What the task asks
Would you copy the line that includes "At the start: 0 parts" and every line that follows it, down to the last line of the listing below, exactly as they stand?

Input material
▼

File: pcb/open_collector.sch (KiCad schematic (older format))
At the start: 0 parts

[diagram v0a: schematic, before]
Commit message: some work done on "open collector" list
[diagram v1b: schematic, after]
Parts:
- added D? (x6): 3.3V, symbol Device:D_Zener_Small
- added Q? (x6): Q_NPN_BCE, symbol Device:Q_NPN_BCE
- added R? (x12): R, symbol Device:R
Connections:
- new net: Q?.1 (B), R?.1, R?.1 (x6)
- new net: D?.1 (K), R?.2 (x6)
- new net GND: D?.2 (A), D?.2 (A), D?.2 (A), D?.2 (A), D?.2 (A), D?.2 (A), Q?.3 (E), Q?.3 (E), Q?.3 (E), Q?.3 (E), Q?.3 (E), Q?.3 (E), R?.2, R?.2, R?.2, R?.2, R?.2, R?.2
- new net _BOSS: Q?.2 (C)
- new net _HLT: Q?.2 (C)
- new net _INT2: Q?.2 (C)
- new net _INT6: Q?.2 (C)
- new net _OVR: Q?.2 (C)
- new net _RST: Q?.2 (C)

▲

Answer box
At the start: 0 parts

[diagram v0a: schematic, before]
Commit message: some work done on "open collector" list
[diagram v1b: schematic, after]
Parts:
- added D? (x6): 3.3V, symbol Device:D_Zener_Small
- added Q? (x6): Q_NPN_BCE, symbol Device:Q_NPN_BCE
- added R? (x12): R, symbol Device:R
Connections:
- new net: Q?.1 (B), R?.1, R?.1 (x6)
- new net: D?.1 (K), R?.2 (x6)
- new net GND: D?.2 (A), D?.2 (A), D?.2 (A), D?.2 (A), D?.2 (A), D?.2 (A), Q?.3 (E), Q?.3 (E), Q?.3 (E), Q?.3 (E), Q?.3 (E), Q?.3 (E), R?.2, R?.2, R?.2, R?.2, R?.2, R?.2
- new net _BOSS: Q?.2 (C)
- new net _HLT: Q?.2 (C)
- new net _INT2: Q?.2 (C)
- new net _INT6: Q?.2 (C)
- new net _OVR: Q?.2 (C)
- new net _RST: Q?.2 (C)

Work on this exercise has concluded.